Task to carry out> I would like each line of the data that holds the word "Bore" copied out.
::: Data to examine
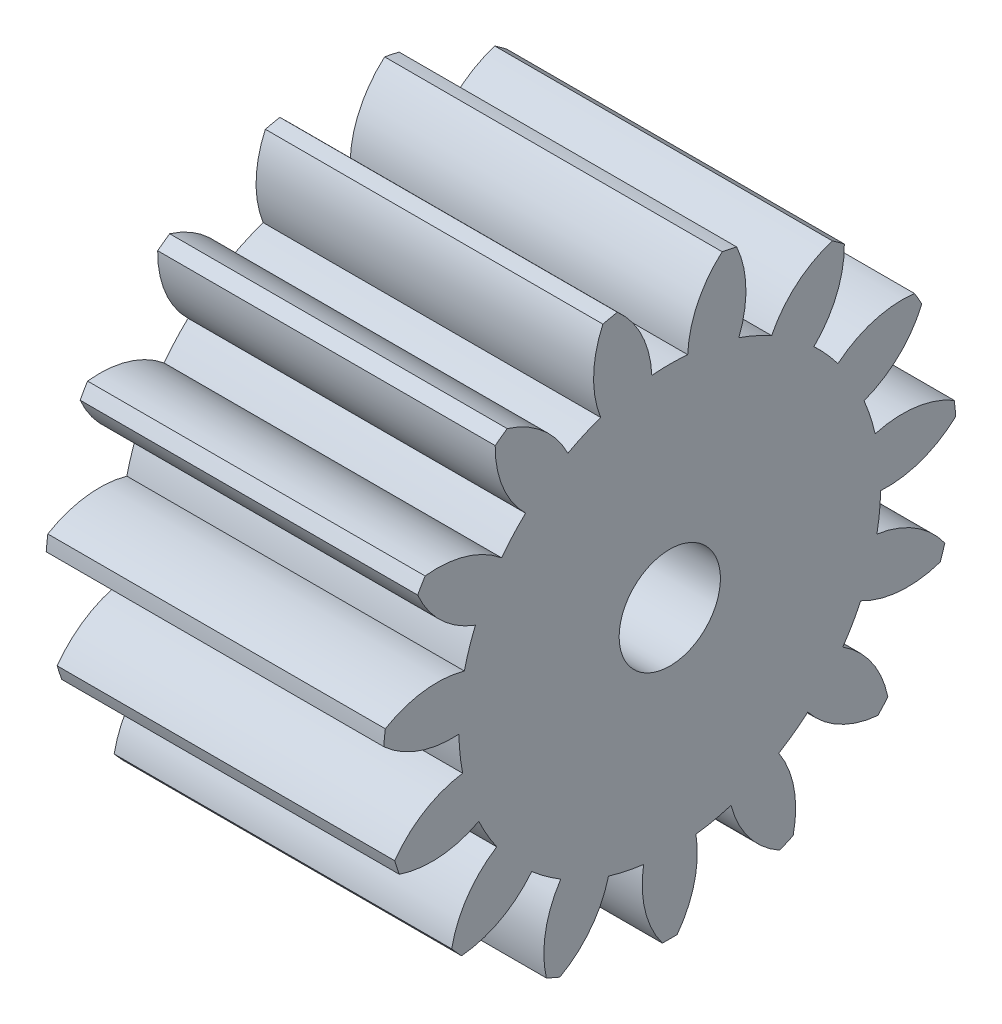
SolidWorks part; units mm, degrees
ref_plane "Plane1" through (0, 0, 0) normal (0, 0, 1) x (1, 0, 0)
ref_plane "Plane2" through (0, 0, 0) normal (0, 1, 0) x (1, 0, 0)
ref_plane "Plane3" through (0, 0, 0) normal (1, 0, 0) x (0, 0, -1)
sketch "HoldingSke" plane through (0, 0, 0) normal (0, 1, 0) x (1, 0, 0)
  line L0 (0, 0) -> (0.9659, -0.2588)
  line L1 (-15, 0) -> (100, 0) construction
  line L2 (0, 0) -> (-2.1039, 2.3779)
  line L3 (0, 0) -> (-11.863, 4.5341)
  line L4 (0, 0) -> (8.3417, 2.2352)
  line L5 (0, 0) -> (-46.8476, -17.4728)
  line L6 (0, 0) -> (-8.2896, -5.593)
  line L7 (-2.1039, 2.3779) -> (8.6586, 51.2059)
  line L8 (-76.2, 54.61) -> (-75.7, 54.61)
  line L9 (-71.009, 38.7566) -> (-53.1078, 45.2721)
  line L10 (-76.2, 71.12) -> (104.1128, 71.12)
  line L11 (0, 0) -> (-10, 0)
  line L12 (-76.2, 101.6) -> (-76.162, 101.6)
  line L13 (24.9733, 27.94) -> (52.9518, 28.4284)
  line L14 (24.9733, 27.94) -> (24.9743, 27.94)
  line L15 (24.9733, 27.94) -> (100.4006, 29.5858)
  line L16 (-63.627, -1) -> (-12.827, -1)
  circle A0 centre (0, 0) radius 1.5
  circle A1 centre (0, 0) radius 6.249
  circle A2 centre (0, 0) radius 37.5
  circle A3 centre (0, 0) radius 1.5
  dimension "MHD" = 12.498
  dimension "Hub_dia" = 75
  dimension "Bore" = 3
  dimension "MBD" = 3
  dimension "Num_teeth" = 15
  dimension "Pitch" = 1
  dimension "Overall_len" = 50
  dimension "Show_teeth" = 15
  dimension "Thickness" = 10
  dimension "OAL" = 50.0001
  dimension "T_dim" = 0.5
  dimension "Ap" = 20
  dimension "H" = 19.05
  dimension "Pitch_radius" = 180.3128
  dimension "Width" = 10
  dimension "Backlash" = 0.038
  dimension "Addendum_fac" = 1
  dimension "Dedendum_fac" = 1.25
  dimension "Clearance_fac" = 0.25
  dimension "Dedendum_add" = 0.001
  dimension "Module" = 1
sketch "BasProSke" plane through (0, 0, 0) normal (0, 1, 0) x (1, 0, 0)
  line L0 (-10, 0) -> (60, 0) construction
  line L1 (0, 0) -> (0, 8.5)
  line L2 (0, 0) -> (10, 0)
  line L3 (10, 0) -> (10, 8.5)
  line L4 (10, 8.5) -> (0, 8.5)
  dimension "Thickness" = 10
  dimension "Diameter" = 17
revolve "Base-Revolve" add sketch "BasProSke" angle 360 about L0
sketch "TooCutSke" plane through (0, 0, 0) normal (1, 0, 0) x (0, 0, -1)
  line L1 (0, 0) -> (0, 107) construction
  line L2 (0, 0) -> (-0.8504, 7.4516) construction
  line L3 (0, 0) -> (-3.1044, 14.6049) construction
  line L4 (-0.8504, 7.4516) -> (-1.5522, 7.3025) construction
  arc A0 (0.5316, 6.2263) -> (-0.5316, 6.2263) centre (0, 0) ccw
  arc A1 (1.5766, 8.3784) -> (-1.5766, 8.3784) centre (0, 0) ccw
  circle A2 centre (0, 0) radius 7.5 construction
  circle A3 centre (0, 0) radius 7.0477 construction
  arc A4 (-0.5316, 6.2263) -> (-1.5766, 8.3784) centre (-3.5289, 6.1005) ccw
  arc A5 (1.5766, 8.3784) -> (0.5316, 6.2263) centre (3.5289, 6.1005) ccw
  dimension "Root_dia" = 12.498
  dimension "Overcut_dia" = 17.0508
  dimension "Pitch_dia" = 15
  dimension "Base_dia" = 14.0954
  dimension "Flank_rad" = 3
  dimension "Half_ang" = 12
  dimension "Half_CT" = 0.7175
extrude "ToothCut" cut sketch "TooCutSke" along normal through all
fillet "Breaks" [suppressed] radius 0.02
fillet "RootFillets" [suppressed] radius 0.251
pattern_circular "TeethCuts" count 15 every 24 about axis through (-10, 0, 0) along (1, 0, 0) of "ToothCut", "RootFillets", "Breaks"
sketch "HubNeaOneSke" plane through (0, 0, 0) normal (-1, 0, 0) x (0, 0, 1)
  circle A0 centre (0, 0) radius 6.249
  dimension "Diameter" = 12.498
extrude "HubNearOne" [suppressed] add sketch "HubNeaOneSke" along normal blind 40.0001
sketch "HubNeaBotSke" plane through (0, 0, 0) normal (-1, 0, 0) x (0, 0, 1)
  circle A0 centre (0, 0) radius 6.249
  dimension "Diameter" = 12.498
extrude "HubNearBoth" [suppressed] add sketch "HubNeaBotSke" along normal blind 20
ref_plane "FarPln" through (10, 0, 0) normal (1, 0, 0) x (0, 0, -1)
sketch "HubFarSke" plane through (10, 0, 0) normal (1, 0, 0) x (0, 0, -1)
  circle A0 centre (0, 0) radius 6.249
  dimension "Diameter" = 12.498
extrude "HubFar" [suppressed] add sketch "HubFarSke" along normal blind 20
sketch "BorSke" plane through (0, 0, 0) normal (1, 0, 0) x (0, 0, -1)
  circle A0 centre (0, 0) radius 1.5
  dimension "Diameter" = 3
extrude "Bore" cut sketch "BorSke" along normal mid plane 100.0001
sketch "KeySke" plane through (0, 0, 0) normal (1, 0, 0) x (0, 0, -1)
  line L0 (-0.6, 0) -> (-0.6, 2)
  line L1 (-0.6, 2) -> (0.6, 2)
  line L2 (0.6, 2) -> (0.6, 0)
  line L3 (0, 0) -> (0, 34) construction
  line L4 (-0.6, 0) -> (0.6, 0)
  dimension "Offset" = 2
  dimension "Width" = 1.2
extrude "Keyway" [suppressed] cut sketch "KeySke" along normal mid plane 100.0001
pattern_circular "Keyway2" [suppressed] count 2 every 90 about axis through (-10, 0, 0) along (1, 0, 0)
equation "' \"Module@HoldingSke\" = 6.35"
equation "' \"Num_teeth@HoldingSke\" = 12"
equation "' \"Ap@HoldingSke\" =  20"
equation "' \"Ap@HoldingSke\" = 20"
equation "' \"Width@HoldingSke\" = 0.5 * 25.4"
equation "' \"Hub_dia@HoldingSke\"= 1 * 25.4"
equation "' \"Hub_dia@HoldingSke\" = 1 * 25.4"
equation "' \"Overall_len@HoldingSke\" = 1.0 * 25.4"
equation "' \"Bore@HoldingSke\" = 0.75 * 25.4"
equation "' \"T_dim@HoldingSke\" = 0.1 * 25.4"
equation "' \"Width@KeySke\" = 0.25 * 25.4"
equation "' \"Show_teeth@HoldingSke\" = 13"
equation "' \"Backlash@HoldingSke\" = 0.009 * 25.4"
equation "' \"Addendum_fac@HoldingSke\" = 1.0"
equation "' \"Dedendum_fac@HoldingSke\" = 1.25"
equation "' \"Dedendum_add@HoldingSke\" = 0.00005 * 25.4"
equation "' \"Clearance_fac@HoldingSke\" = 0.25"
equation "\"Pitch@HoldingSke\" = 1 / \"Module@HoldingSke\""
equation "\"Overcut_dia@TooCutSke\" = (\"Num_teeth@HoldingSke\" + 2 * \"Addendum_fac@HoldingSke\") / \"Pitch@HoldingSke\" + 0.002 * 25.4"
equation "\"Pitch_dia@TooCutSke\" = \"Num_teeth@HoldingSke\" / \"Pitch@HoldingSke\""
equation "\"Base_dia@TooCutSke\" = \"Num_teeth@HoldingSke\" / \"Pitch@HoldingSke\" * cos((\"Ap@HoldingSke\"  * 3.14159265 / 180))"
equation "\"Root_dia@TooCutSke\" = (\"Num_teeth@HoldingSke\" + 2) / \"Pitch@HoldingSke\" - 2 * (\"Addendum_fac@HoldingSke\" + \"Dedendum_fac@HoldingSke\") / \"Pitch@HoldingSke\" - \"Dedendum_add@HoldingSke\" * 2"
equation "\"Half_ang@TooCutSke\" = 180 / \"Num_teeth@HoldingSke\""
equation "\"Half_CT@TooCutSke\" = \"Num_teeth@HoldingSke\" / \"Pitch@HoldingSke\" * sin((3.14159265 / 2 / \"Num_teeth@HoldingSke\")) / 2 - 7 * \"Backlash@HoldingSke\" / 4"
equation "\"Flank_rad@TooCutSke\" = \"Num_teeth@HoldingSke\" / \"Pitch@HoldingSke\" / 5"
equation "\"Radius@RootFillets\" = \"Clearance_fac@HoldingSke\" / \"Pitch@HoldingSke\" + \"Dedendum_add@HoldingSke\""
equation "\"Break_rad@Breaks\" = 0.02 / \"Pitch@HoldingSke\""
equation "\"Thickness@HoldingSke\" = \"Width@HoldingSke\""
equation "\"OAL@HoldingSke\" = \"Thickness@HoldingSke\""
equation "\"MHD@HoldingSke\" = (\"Num_teeth@HoldingSke\" + 2) / \"Pitch@HoldingSke\" - 2 * (\"Addendum_fac@HoldingSke\" + \"Dedendum_fac@HoldingSke\")  / \"Pitch@HoldingSke\" - \"Dedendum_add@HoldingSke\" * 2"
equation "\"MBD@HoldingSke\" = (\"Num_teeth@HoldingSke\" + 2) / \"Pitch@HoldingSke\" - 2 * (\"Addendum_fac@HoldingSke\" + \"Dedendum_fac@HoldingSke\")  / \"Pitch@HoldingSke\" - \"Dedendum_add@HoldingSke\" * 2 - 0.002 * 25.4"
equation "\"MHD@HoldingSke\" = ((sgn( \"MHD@HoldingSke\" - \"Hub_dia@HoldingSke\" )-1)*( \"MHD@HoldingSke\" - \"Hub_dia@HoldingSke\" ))/-2+ \"Hub_dia@HoldingSke\""
equation "\"MBD@HoldingSke\" = ((sgn( \"MBD@HoldingSke\" - \"Bore@HoldingSke\" )-1)*( \"MBD@HoldingSke\" - \"Bore@HoldingSke\" ))/-2+ \"Bore@HoldingSke\""
equation "\"OAL@HoldingSke\" = ((sgn( \"OAL@HoldingSke\" - \"Overall_len@HoldingSke\" )+1)*( \"OAL@HoldingSke\" - \"Overall_len@HoldingSke\" ))/2 + \"Overall_len@HoldingSke\" + 0.000002 * 25.4"
equation "\"Num_teeth@TeethCuts\" = int( \"Show_teeth@HoldingSke\" ) + 1"
equation "\"Num_teeth@TeethCuts\" = ((sgn( \"Num_teeth@TeethCuts\" - \"Num_teeth@HoldingSke\" )-1)*( \"Num_teeth@TeethCuts\" - \"Num_teeth@HoldingSke\" ))/-2+ \"Num_teeth@HoldingSke\""
equation "\"Num_teeth@TeethCuts\" = ((sgn( \"Num_teeth@TeethCuts\" - 2.0)+1)*( \"Num_teeth@TeethCuts\" - 2.0))/2 +2.0"
equation "\"Angle@TeethCuts\" = 360.0 / \"Num_teeth@HoldingSke\""
equation "\"Diameter@BasProSke\" = (\"Num_teeth@HoldingSke\" + 2 * \"Addendum_fac@HoldingSke\") / \"Pitch@HoldingSke\""
equation "\"Thickness@BasProSke\"  = \"Thickness@HoldingSke\""
equation "' \"Fillet_rad@BasProSke\" =  \"Thickness@HoldingSke\" * 0.05"
equation "' \"Fillet_rad@BasProSke\" = \"Thickness@HoldingSke\" * 0.05"
equation "\"MHD@HoldingSke\" = ((sgn( \"MHD@HoldingSke\" - \"Root_dia@TooCutSke\" )-1)*( \"MHD@HoldingSke\" - \"Root_dia@TooCutSke\" ))/-2+ \"Root_dia@TooCutSke\""
equation "\"Diameter@HubNeaOneSke\" = \"MHD@HoldingSke\""
equation "\"Length@HubNearOne\" = \"OAL@HoldingSke\" - \"Thickness@BasProSke\""
equation "\"Diameter@HubNeaBotSke\" = \"MHD@HoldingSke\""
equation "\"Length@HubNearBoth\" = ( \"OAL@HoldingSke\" - \"Thickness@BasProSke\" ) / 2.0"
equation "\"Thickness@FarPln\" = \"Thickness@BasProSke\""
equation "\"Diameter@HubFarSke\" = \"MHD@HoldingSke\""
equation "\"Length@HubFar\" = ( \"OAL@HoldingSke\" - \"Thickness@BasProSke\" ) / 2.0"
equation "\"Diameter@BorSke\" = \"MBD@HoldingSke\""
equation "\"D1@Bore\" = \"OAL@HoldingSke\" * 2.0"
equation "\"D1@Keyway\" = \"OAL@HoldingSke\" * 2.0"
equation "\"Offset@KeySke\" = \"T_dim@HoldingSke\" + \"MBD@HoldingSke\" / 2.0"
::::::
Expected output>
  dimension "Bore" = 3
extrude "Bore" cut sketch "BorSke" along normal mid plane 100.0001
equation "' \"Bore@HoldingSke\" = 0.75 * 25.4"
equation "\"MBD@HoldingSke\" = ((sgn( \"MBD@HoldingSke\" - \"Bore@HoldingSke\" )-1)*( \"MBD@HoldingSke\" - \"Bore@HoldingSke\" ))/-2+ \"Bore@HoldingSke\""
equation "\"D1@Bore\" = \"OAL@HoldingSke\" * 2.0"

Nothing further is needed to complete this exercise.